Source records
────────────────────
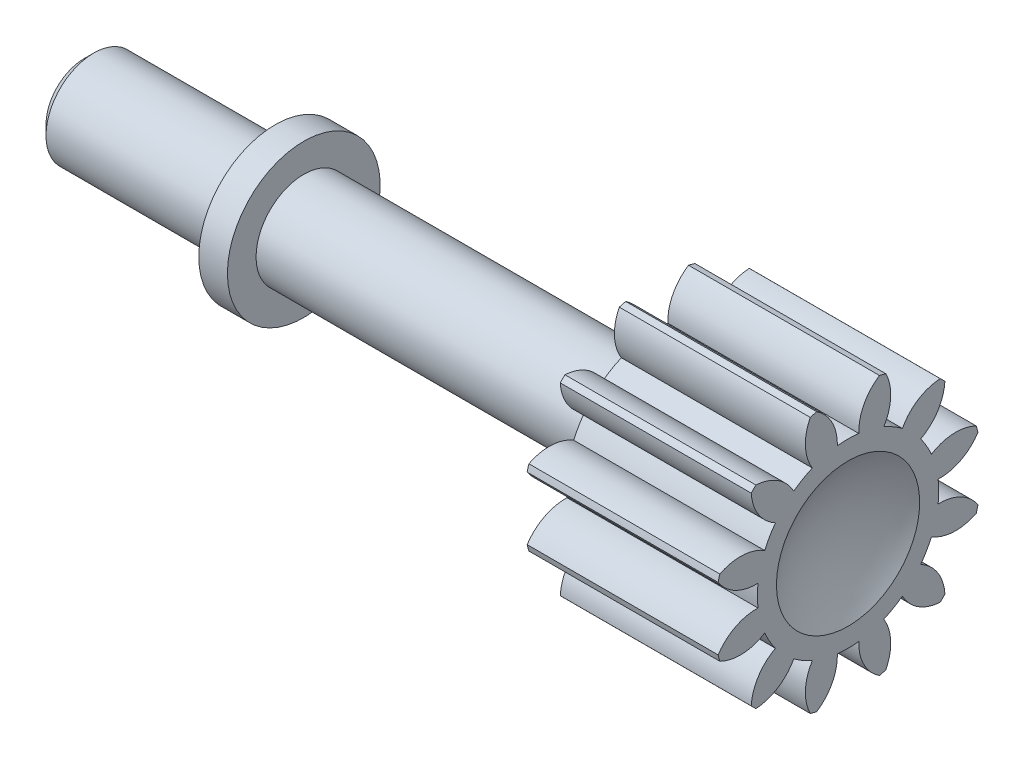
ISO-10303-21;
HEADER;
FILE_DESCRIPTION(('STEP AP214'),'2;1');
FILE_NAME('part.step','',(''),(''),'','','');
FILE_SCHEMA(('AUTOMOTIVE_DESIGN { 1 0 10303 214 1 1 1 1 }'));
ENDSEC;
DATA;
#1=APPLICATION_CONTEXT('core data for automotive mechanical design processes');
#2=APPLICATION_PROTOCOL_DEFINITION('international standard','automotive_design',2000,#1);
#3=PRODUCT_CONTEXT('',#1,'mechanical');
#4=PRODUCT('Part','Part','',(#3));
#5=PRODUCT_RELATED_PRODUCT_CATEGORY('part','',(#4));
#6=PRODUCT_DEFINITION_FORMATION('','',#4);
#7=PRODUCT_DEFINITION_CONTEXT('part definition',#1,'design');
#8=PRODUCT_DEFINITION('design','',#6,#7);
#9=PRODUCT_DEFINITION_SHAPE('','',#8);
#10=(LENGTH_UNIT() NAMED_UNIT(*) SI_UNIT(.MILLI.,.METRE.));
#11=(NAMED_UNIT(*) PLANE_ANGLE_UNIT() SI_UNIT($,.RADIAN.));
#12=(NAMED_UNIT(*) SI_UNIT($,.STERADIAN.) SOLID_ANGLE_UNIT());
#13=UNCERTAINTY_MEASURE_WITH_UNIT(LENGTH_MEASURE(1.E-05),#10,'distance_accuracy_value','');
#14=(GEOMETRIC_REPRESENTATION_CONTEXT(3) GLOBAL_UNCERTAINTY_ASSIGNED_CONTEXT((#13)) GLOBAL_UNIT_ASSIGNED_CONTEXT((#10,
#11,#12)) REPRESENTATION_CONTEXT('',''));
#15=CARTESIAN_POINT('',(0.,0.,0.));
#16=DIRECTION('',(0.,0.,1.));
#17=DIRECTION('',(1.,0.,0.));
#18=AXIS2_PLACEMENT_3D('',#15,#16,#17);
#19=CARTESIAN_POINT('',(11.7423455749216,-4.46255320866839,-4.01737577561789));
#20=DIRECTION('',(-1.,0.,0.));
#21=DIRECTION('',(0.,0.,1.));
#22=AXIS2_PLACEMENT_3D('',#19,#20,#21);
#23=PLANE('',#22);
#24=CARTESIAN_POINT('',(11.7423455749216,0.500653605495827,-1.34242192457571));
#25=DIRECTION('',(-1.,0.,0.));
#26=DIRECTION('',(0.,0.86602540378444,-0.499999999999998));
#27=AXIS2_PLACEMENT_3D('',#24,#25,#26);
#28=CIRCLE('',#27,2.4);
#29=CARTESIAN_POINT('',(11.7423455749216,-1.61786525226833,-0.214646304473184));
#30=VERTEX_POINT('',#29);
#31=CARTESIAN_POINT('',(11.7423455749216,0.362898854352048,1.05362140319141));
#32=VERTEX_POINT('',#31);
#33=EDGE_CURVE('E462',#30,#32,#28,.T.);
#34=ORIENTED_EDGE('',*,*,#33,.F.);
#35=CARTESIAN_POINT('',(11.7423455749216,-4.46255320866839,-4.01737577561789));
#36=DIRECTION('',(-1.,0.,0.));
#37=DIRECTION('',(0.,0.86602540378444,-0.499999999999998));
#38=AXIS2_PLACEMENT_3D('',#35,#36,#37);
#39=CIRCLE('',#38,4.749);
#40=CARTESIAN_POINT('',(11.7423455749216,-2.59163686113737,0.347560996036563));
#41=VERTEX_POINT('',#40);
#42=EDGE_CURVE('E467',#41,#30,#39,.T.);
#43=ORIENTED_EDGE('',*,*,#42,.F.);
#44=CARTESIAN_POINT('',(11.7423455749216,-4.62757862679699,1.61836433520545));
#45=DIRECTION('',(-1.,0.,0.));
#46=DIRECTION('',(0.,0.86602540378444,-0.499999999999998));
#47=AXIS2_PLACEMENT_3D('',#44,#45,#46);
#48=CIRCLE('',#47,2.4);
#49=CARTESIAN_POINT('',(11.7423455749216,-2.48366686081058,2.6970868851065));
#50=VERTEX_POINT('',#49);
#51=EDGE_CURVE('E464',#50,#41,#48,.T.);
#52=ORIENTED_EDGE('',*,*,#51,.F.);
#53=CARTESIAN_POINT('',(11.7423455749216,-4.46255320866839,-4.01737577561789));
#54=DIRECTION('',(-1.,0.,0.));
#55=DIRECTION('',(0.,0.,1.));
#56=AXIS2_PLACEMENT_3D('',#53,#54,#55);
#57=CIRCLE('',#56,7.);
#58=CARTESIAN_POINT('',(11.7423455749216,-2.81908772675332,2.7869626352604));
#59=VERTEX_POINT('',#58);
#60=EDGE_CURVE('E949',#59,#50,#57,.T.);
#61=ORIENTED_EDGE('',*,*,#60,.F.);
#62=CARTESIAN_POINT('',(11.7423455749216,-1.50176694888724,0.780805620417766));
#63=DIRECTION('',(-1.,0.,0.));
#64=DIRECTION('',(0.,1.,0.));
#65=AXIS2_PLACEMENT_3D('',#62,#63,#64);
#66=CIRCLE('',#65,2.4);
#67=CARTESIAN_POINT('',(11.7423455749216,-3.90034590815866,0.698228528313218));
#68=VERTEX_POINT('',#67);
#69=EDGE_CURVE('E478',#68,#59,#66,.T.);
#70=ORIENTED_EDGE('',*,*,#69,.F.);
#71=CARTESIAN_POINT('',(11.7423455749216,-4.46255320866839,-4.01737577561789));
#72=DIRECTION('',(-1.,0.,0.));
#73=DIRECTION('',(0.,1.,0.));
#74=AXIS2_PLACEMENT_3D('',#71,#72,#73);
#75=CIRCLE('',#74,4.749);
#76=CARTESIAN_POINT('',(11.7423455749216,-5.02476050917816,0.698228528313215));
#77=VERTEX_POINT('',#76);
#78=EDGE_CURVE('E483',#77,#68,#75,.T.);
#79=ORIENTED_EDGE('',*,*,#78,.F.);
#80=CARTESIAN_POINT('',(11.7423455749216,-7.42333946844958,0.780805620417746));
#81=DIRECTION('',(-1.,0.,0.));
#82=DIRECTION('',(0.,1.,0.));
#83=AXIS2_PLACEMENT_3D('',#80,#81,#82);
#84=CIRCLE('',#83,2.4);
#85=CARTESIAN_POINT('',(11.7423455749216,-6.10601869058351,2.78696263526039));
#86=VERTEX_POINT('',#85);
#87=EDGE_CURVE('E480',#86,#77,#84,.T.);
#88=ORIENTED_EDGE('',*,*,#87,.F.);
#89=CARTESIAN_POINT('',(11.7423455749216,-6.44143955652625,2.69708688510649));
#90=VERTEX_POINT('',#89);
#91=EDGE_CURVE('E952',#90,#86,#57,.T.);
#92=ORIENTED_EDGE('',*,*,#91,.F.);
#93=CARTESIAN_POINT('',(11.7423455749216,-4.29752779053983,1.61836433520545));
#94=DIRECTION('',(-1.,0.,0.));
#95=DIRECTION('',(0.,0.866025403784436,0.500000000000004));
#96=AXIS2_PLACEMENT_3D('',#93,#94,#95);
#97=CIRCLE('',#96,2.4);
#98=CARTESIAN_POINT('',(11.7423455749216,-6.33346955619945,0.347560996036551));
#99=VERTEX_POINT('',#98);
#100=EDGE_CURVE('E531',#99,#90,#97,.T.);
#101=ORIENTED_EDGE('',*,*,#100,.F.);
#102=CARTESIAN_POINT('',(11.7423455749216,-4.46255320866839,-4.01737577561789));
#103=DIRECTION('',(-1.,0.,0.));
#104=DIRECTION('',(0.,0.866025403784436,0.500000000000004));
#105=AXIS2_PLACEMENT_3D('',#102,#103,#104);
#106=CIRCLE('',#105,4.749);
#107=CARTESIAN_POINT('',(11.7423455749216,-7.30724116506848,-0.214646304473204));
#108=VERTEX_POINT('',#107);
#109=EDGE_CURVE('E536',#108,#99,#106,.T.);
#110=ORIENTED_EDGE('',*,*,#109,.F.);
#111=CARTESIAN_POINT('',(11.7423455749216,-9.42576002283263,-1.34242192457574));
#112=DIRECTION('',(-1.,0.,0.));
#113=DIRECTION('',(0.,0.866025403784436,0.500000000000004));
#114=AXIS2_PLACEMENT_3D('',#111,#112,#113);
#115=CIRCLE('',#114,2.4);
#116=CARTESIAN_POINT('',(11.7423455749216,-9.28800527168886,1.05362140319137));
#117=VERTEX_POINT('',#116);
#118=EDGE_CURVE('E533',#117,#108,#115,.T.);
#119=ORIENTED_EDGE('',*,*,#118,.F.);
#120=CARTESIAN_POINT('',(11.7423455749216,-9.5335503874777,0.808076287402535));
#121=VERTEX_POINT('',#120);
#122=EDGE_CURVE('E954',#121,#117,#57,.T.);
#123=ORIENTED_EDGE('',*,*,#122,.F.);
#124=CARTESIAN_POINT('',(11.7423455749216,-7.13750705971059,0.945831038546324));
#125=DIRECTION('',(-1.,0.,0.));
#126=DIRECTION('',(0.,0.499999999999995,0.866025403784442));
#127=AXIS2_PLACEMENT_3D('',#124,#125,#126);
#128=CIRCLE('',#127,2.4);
────────────────────
» Task prompt:
Starting at the line above that holds "#36=DIRECTION('',(-1.,0.,0.));" and ending at the line that holds "#79=ORIENTED_EDGE('',*,*,#78,.F.);", transcribe each line exactly and include no other lines.

» Answer:
#36=DIRECTION('',(-1.,0.,0.));
#37=DIRECTION('',(0.,0.86602540378444,-0.499999999999998));
#38=AXIS2_PLACEMENT_3D('',#35,#36,#37);
#39=CIRCLE('',#38,4.749);
#40=CARTESIAN_POINT('',(11.7423455749216,-2.59163686113737,0.347560996036563));
#41=VERTEX_POINT('',#40);
#42=EDGE_CURVE('E467',#41,#30,#39,.T.);
#43=ORIENTED_EDGE('',*,*,#42,.F.);
#44=CARTESIAN_POINT('',(11.7423455749216,-4.62757862679699,1.61836433520545));
#45=DIRECTION('',(-1.,0.,0.));
#46=DIRECTION('',(0.,0.86602540378444,-0.499999999999998));
#47=AXIS2_PLACEMENT_3D('',#44,#45,#46);
#48=CIRCLE('',#47,2.4);
#49=CARTESIAN_POINT('',(11.7423455749216,-2.48366686081058,2.6970868851065));
#50=VERTEX_POINT('',#49);
#51=EDGE_CURVE('E464',#50,#41,#48,.T.);
#52=ORIENTED_EDGE('',*,*,#51,.F.);
#53=CARTESIAN_POINT('',(11.7423455749216,-4.46255320866839,-4.01737577561789));
#54=DIRECTION('',(-1.,0.,0.));
#55=DIRECTION('',(0.,0.,1.));
#56=AXIS2_PLACEMENT_3D('',#53,#54,#55);
#57=CIRCLE('',#56,7.);
#58=CARTESIAN_POINT('',(11.7423455749216,-2.81908772675332,2.7869626352604));
#59=VERTEX_POINT('',#58);
#60=EDGE_CURVE('E949',#59,#50,#57,.T.);
#61=ORIENTED_EDGE('',*,*,#60,.F.);
#62=CARTESIAN_POINT('',(11.7423455749216,-1.50176694888724,0.780805620417766));
#63=DIRECTION('',(-1.,0.,0.));
#64=DIRECTION('',(0.,1.,0.));
#65=AXIS2_PLACEMENT_3D('',#62,#63,#64);
#66=CIRCLE('',#65,2.4);
#67=CARTESIAN_POINT('',(11.7423455749216,-3.90034590815866,0.698228528313218));
#68=VERTEX_POINT('',#67);
#69=EDGE_CURVE('E478',#68,#59,#66,.T.);
#70=ORIENTED_EDGE('',*,*,#69,.F.);
#71=CARTESIAN_POINT('',(11.7423455749216,-4.46255320866839,-4.01737577561789));
#72=DIRECTION('',(-1.,0.,0.));
#73=DIRECTION('',(0.,1.,0.));
#74=AXIS2_PLACEMENT_3D('',#71,#72,#73);
#75=CIRCLE('',#74,4.749);
#76=CARTESIAN_POINT('',(11.7423455749216,-5.02476050917816,0.698228528313215));
#77=VERTEX_POINT('',#76);
#78=EDGE_CURVE('E483',#77,#68,#75,.T.);
#79=ORIENTED_EDGE('',*,*,#78,.F.);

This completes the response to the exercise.